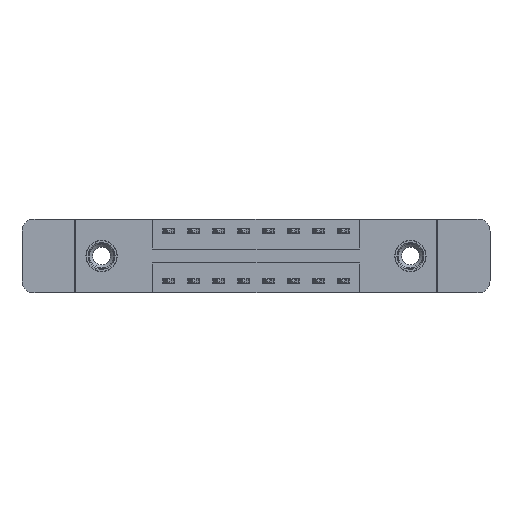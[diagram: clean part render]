
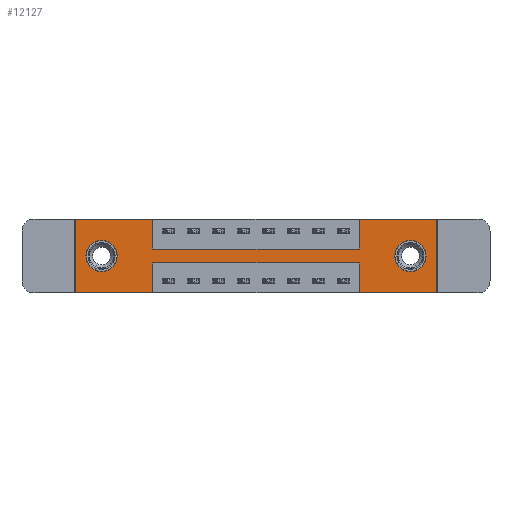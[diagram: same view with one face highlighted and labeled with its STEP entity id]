
A CAD part, front view. The second image highlights one B-rep face of the part: STEP entity #12127.
In plain terms, the highlighted planar face has unit normal (0, -1, 0).
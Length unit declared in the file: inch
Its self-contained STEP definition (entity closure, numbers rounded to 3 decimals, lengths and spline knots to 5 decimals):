
#292 = DIRECTION ( 'NONE',  ( 1., 0., 0. ) ) ;
#681 = CARTESIAN_POINT ( 'NONE',  ( 1.4225, 0., -0.37 ) ) ;
#776 = VERTEX_POINT ( 'NONE', #7445 ) ;
#814 = ORIENTED_EDGE ( 'NONE', *, *, #9265, .T. ) ;
#912 = VECTOR ( 'NONE', #6201, 39.37008 ) ;
#987 = DIRECTION ( 'NONE',  ( 0., 0., -1. ) ) ;
#1143 = PLANE ( 'NONE',  #5718 ) ;
#1169 = CARTESIAN_POINT ( 'NONE',  ( 0., 0., 0. ) ) ;
#1206 = DIRECTION ( 'NONE',  ( -1., 0., 0. ) ) ;
#1479 = EDGE_CURVE ( 'NONE', #11571, #13150, #12919, .T. ) ;
#1709 = ORIENTED_EDGE ( 'NONE', *, *, #5770, .F. ) ;
#1816 = DIRECTION ( 'NONE',  ( 0., 1., 0. ) ) ;
#1830 = ORIENTED_EDGE ( 'NONE', *, *, #4069, .F. ) ;
#1950 = VERTEX_POINT ( 'NONE', #3551 ) ;
#2066 = EDGE_CURVE ( 'NONE', #13150, #11571, #7248, .T. ) ;
#2183 = DIRECTION ( 'NONE',  ( 0., 0., -1. ) ) ;
#2210 = ORIENTED_EDGE ( 'NONE', *, *, #11761, .F. ) ;
#2298 = AXIS2_PLACEMENT_3D ( 'NONE', #3751, #12942, #4683 ) ;
#2528 = CARTESIAN_POINT ( 'NONE',  ( 0., 0., -0.37 ) ) ;
#2551 = DIRECTION ( 'NONE',  ( 0., -1., 0. ) ) ;
#3157 = EDGE_CURVE ( 'NONE', #13590, #13676, #3635, .T. ) ;
#3360 = CARTESIAN_POINT ( 'NONE',  ( 0.1325, 0., -0.107 ) ) ;
#3379 = VERTEX_POINT ( 'NONE', #6526 ) ;
#3422 = CIRCLE ( 'NONE', #5685, 0.078 ) ;
#3471 = VECTOR ( 'NONE', #6344, 39.37008 ) ;
#3551 = CARTESIAN_POINT ( 'NONE',  ( 0.3875, 0., -0.37 ) ) ;
#3635 = LINE ( 'NONE', #8270, #8037 ) ;
#3661 = VECTOR ( 'NONE', #12760, 39.37008 ) ;
#3684 = LINE ( 'NONE', #7225, #14088 ) ;
#3749 = AXIS2_PLACEMENT_3D ( 'NONE', #9615, #14564, #7372 ) ;
#3751 = CARTESIAN_POINT ( 'NONE',  ( 0.1325, 0., -0.185 ) ) ;
#4069 = EDGE_CURVE ( 'NONE', #776, #15091, #3684, .T. ) ;
#4244 = DIRECTION ( 'NONE',  ( 0., 0., 1. ) ) ;
#4287 = EDGE_CURVE ( 'NONE', #8488, #13590, #7455, .T. ) ;
#4439 = ORIENTED_EDGE ( 'NONE', *, *, #14115, .F. ) ;
#4582 = CARTESIAN_POINT ( 'NONE',  ( 1.4225, 0., 0. ) ) ;
#4631 = CARTESIAN_POINT ( 'NONE',  ( 1.4225, 0., 0. ) ) ;
#4674 = LINE ( 'NONE', #10520, #13749 ) ;
#4681 = VECTOR ( 'NONE', #292, 39.37008 ) ;
#4683 = DIRECTION ( 'NONE',  ( 0., 0., 1. ) ) ;
#4753 = CARTESIAN_POINT ( 'NONE',  ( 0., 0., -0.37 ) ) ;
#4797 = VERTEX_POINT ( 'NONE', #4631 ) ;
#4828 = ORIENTED_EDGE ( 'NONE', *, *, #12594, .F. ) ;
#4850 = LINE ( 'NONE', #8381, #8922 ) ;
#5213 = VERTEX_POINT ( 'NONE', #3360 ) ;
#5369 = VERTEX_POINT ( 'NONE', #9388 ) ;
#5603 = EDGE_CURVE ( 'NONE', #1950, #11584, #5709, .T. ) ;
#5670 = VERTEX_POINT ( 'NONE', #13775 ) ;
#5685 = AXIS2_PLACEMENT_3D ( 'NONE', #15165, #1816, #4244 ) ;
#5709 = LINE ( 'NONE', #14878, #10651 ) ;
#5718 = AXIS2_PLACEMENT_3D ( 'NONE', #4753, #2551, #10680 ) ;
#5770 = EDGE_CURVE ( 'NONE', #5670, #3379, #4674, .T. ) ;
#5925 = ORIENTED_EDGE ( 'NONE', *, *, #7505, .T. ) ;
#6201 = DIRECTION ( 'NONE',  ( 0., 0., 1. ) ) ;
#6270 = EDGE_CURVE ( 'NONE', #9476, #4797, #15256, .T. ) ;
#6344 = DIRECTION ( 'NONE',  ( 0., 0., 1. ) ) ;
#6373 = DIRECTION ( 'NONE',  ( 0., 1., 0. ) ) ;
#6526 = CARTESIAN_POINT ( 'NONE',  ( 1.81, 0., -0.37 ) ) ;
#6554 = EDGE_LOOP ( 'NONE', ( #11236, #10657 ) ) ;
#7031 = DIRECTION ( 'NONE',  ( 0., 0., 1. ) ) ;
#7146 = LINE ( 'NONE', #1169, #3471 ) ;
#7225 = CARTESIAN_POINT ( 'NONE',  ( 0.3875, 0., 0. ) ) ;
#7248 = CIRCLE ( 'NONE', #14914, 0.078 ) ;
#7279 = ORIENTED_EDGE ( 'NONE', *, *, #14817, .F. ) ;
#7372 = DIRECTION ( 'NONE',  ( 0., 0., -1. ) ) ;
#7409 = CARTESIAN_POINT ( 'NONE',  ( 1.6775, 0., -0.185 ) ) ;
#7445 = CARTESIAN_POINT ( 'NONE',  ( 0.3875, 0., 0. ) ) ;
#7455 = LINE ( 'NONE', #13542, #912 ) ;
#7505 = EDGE_CURVE ( 'NONE', #5213, #5369, #9033, .T. ) ;
#7534 = CARTESIAN_POINT ( 'NONE',  ( 1.4225, 0., -0.15 ) ) ;
#7692 = ORIENTED_EDGE ( 'NONE', *, *, #5603, .F. ) ;
#8037 = VECTOR ( 'NONE', #9661, 39.37008 ) ;
#8116 = LINE ( 'NONE', #12607, #3661 ) ;
#8212 = CARTESIAN_POINT ( 'NONE',  ( 1.6775, 0., -0.263 ) ) ;
#8226 = DIRECTION ( 'NONE',  ( 0., 0., -1. ) ) ;
#8270 = CARTESIAN_POINT ( 'NONE',  ( 0.3875, 0., -0.22 ) ) ;
#8381 = CARTESIAN_POINT ( 'NONE',  ( 0.3875, 0., -0.37 ) ) ;
#8488 = VERTEX_POINT ( 'NONE', #681 ) ;
#8575 = LINE ( 'NONE', #2528, #8892 ) ;
#8584 = VECTOR ( 'NONE', #7031, 39.37008 ) ;
#8851 = DIRECTION ( 'NONE',  ( 0., 0., -1. ) ) ;
#8892 = VECTOR ( 'NONE', #1206, 39.37008 ) ;
#8922 = VECTOR ( 'NONE', #8226, 39.37008 ) ;
#8927 = EDGE_CURVE ( 'NONE', #4797, #5670, #8116, .T. ) ;
#9033 = CIRCLE ( 'NONE', #2298, 0.078 ) ;
#9265 = EDGE_CURVE ( 'NONE', #5369, #5213, #3422, .T. ) ;
#9388 = CARTESIAN_POINT ( 'NONE',  ( 0.1325, 0., -0.263 ) ) ;
#9476 = VERTEX_POINT ( 'NONE', #7534 ) ;
#9492 = EDGE_LOOP ( 'NONE', ( #5925, #814 ) ) ;
#9597 = CARTESIAN_POINT ( 'NONE',  ( 0.3875, 0., -0.22 ) ) ;
#9615 = CARTESIAN_POINT ( 'NONE',  ( 1.6775, 0., -0.185 ) ) ;
#9629 = EDGE_LOOP ( 'NONE', ( #7279, #9812, #11329, #4439, #1709, #13798, #12072, #4828, #1830, #13626, #2210, #7692 ) ) ;
#9661 = DIRECTION ( 'NONE',  ( -1., 0., 0. ) ) ;
#9812 = ORIENTED_EDGE ( 'NONE', *, *, #3157, .F. ) ;
#10175 = LINE ( 'NONE', #11498, #11233 ) ;
#10444 = CARTESIAN_POINT ( 'NONE',  ( 0., 0., 0. ) ) ;
#10520 = CARTESIAN_POINT ( 'NONE',  ( 1.81, 0., 0. ) ) ;
#10651 = VECTOR ( 'NONE', #15112, 39.37008 ) ;
#10657 = ORIENTED_EDGE ( 'NONE', *, *, #2066, .T. ) ;
#10680 = DIRECTION ( 'NONE',  ( 0., 0., -1. ) ) ;
#11003 = CARTESIAN_POINT ( 'NONE',  ( 0., 0., 0. ) ) ;
#11025 = CARTESIAN_POINT ( 'NONE',  ( 0., 0., -0.37 ) ) ;
#11233 = VECTOR ( 'NONE', #15068, 39.37008 ) ;
#11236 = ORIENTED_EDGE ( 'NONE', *, *, #1479, .T. ) ;
#11329 = ORIENTED_EDGE ( 'NONE', *, *, #4287, .F. ) ;
#11454 = CARTESIAN_POINT ( 'NONE',  ( 0.3875, 0., -0.15 ) ) ;
#11498 = CARTESIAN_POINT ( 'NONE',  ( 0.3875, 0., -0.15 ) ) ;
#11571 = VERTEX_POINT ( 'NONE', #14743 ) ;
#11584 = VERTEX_POINT ( 'NONE', #11025 ) ;
#11708 = CARTESIAN_POINT ( 'NONE',  ( 1.4225, 0., -0.22 ) ) ;
#11761 = EDGE_CURVE ( 'NONE', #11584, #13017, #7146, .T. ) ;
#12072 = ORIENTED_EDGE ( 'NONE', *, *, #6270, .F. ) ;
#12127 = ADVANCED_FACE ( 'NONE', ( #13010, #14419, #13243 ), #1143, .T. ) ;
#12594 = EDGE_CURVE ( 'NONE', #15091, #9476, #10175, .T. ) ;
#12607 = CARTESIAN_POINT ( 'NONE',  ( 0., 0., 0. ) ) ;
#12760 = DIRECTION ( 'NONE',  ( 1., 0., 0. ) ) ;
#12919 = CIRCLE ( 'NONE', #3749, 0.078 ) ;
#12942 = DIRECTION ( 'NONE',  ( 0., 1., 0. ) ) ;
#13010 = FACE_BOUND ( 'NONE', #6554, .T. ) ;
#13017 = VERTEX_POINT ( 'NONE', #10444 ) ;
#13150 = VERTEX_POINT ( 'NONE', #8212 ) ;
#13243 = FACE_OUTER_BOUND ( 'NONE', #9629, .T. ) ;
#13542 = CARTESIAN_POINT ( 'NONE',  ( 1.4225, 0., -0.37 ) ) ;
#13590 = VERTEX_POINT ( 'NONE', #11708 ) ;
#13626 = ORIENTED_EDGE ( 'NONE', *, *, #14933, .F. ) ;
#13676 = VERTEX_POINT ( 'NONE', #9597 ) ;
#13749 = VECTOR ( 'NONE', #987, 39.37008 ) ;
#13775 = CARTESIAN_POINT ( 'NONE',  ( 1.81, 0., 0. ) ) ;
#13798 = ORIENTED_EDGE ( 'NONE', *, *, #8927, .F. ) ;
#14088 = VECTOR ( 'NONE', #2183, 39.37008 ) ;
#14115 = EDGE_CURVE ( 'NONE', #3379, #8488, #8575, .T. ) ;
#14419 = FACE_BOUND ( 'NONE', #9492, .T. ) ;
#14433 = LINE ( 'NONE', #11003, #4681 ) ;
#14564 = DIRECTION ( 'NONE',  ( 0., 1., 0. ) ) ;
#14743 = CARTESIAN_POINT ( 'NONE',  ( 1.6775, 0., -0.107 ) ) ;
#14817 = EDGE_CURVE ( 'NONE', #13676, #1950, #4850, .T. ) ;
#14878 = CARTESIAN_POINT ( 'NONE',  ( 0., 0., -0.37 ) ) ;
#14914 = AXIS2_PLACEMENT_3D ( 'NONE', #7409, #6373, #8851 ) ;
#14933 = EDGE_CURVE ( 'NONE', #13017, #776, #14433, .T. ) ;
#15068 = DIRECTION ( 'NONE',  ( 1., 0., 0. ) ) ;
#15091 = VERTEX_POINT ( 'NONE', #11454 ) ;
#15112 = DIRECTION ( 'NONE',  ( -1., 0., 0. ) ) ;
#15165 = CARTESIAN_POINT ( 'NONE',  ( 0.1325, 0., -0.185 ) ) ;
#15256 = LINE ( 'NONE', #4582, #8584 ) ;
★ ★ ★ ★
## INSTRUCTIONS FOR THE TASK
Scan the records for the word "CIRCLE", and copy each line where it is found.

## WRITTEN ANSWER
#3422 = CIRCLE ( 'NONE', #5685, 0.078 ) ;
#7248 = CIRCLE ( 'NONE', #14914, 0.078 ) ;
#9033 = CIRCLE ( 'NONE', #2298, 0.078 ) ;
#12919 = CIRCLE ( 'NONE', #3749, 0.078 ) ;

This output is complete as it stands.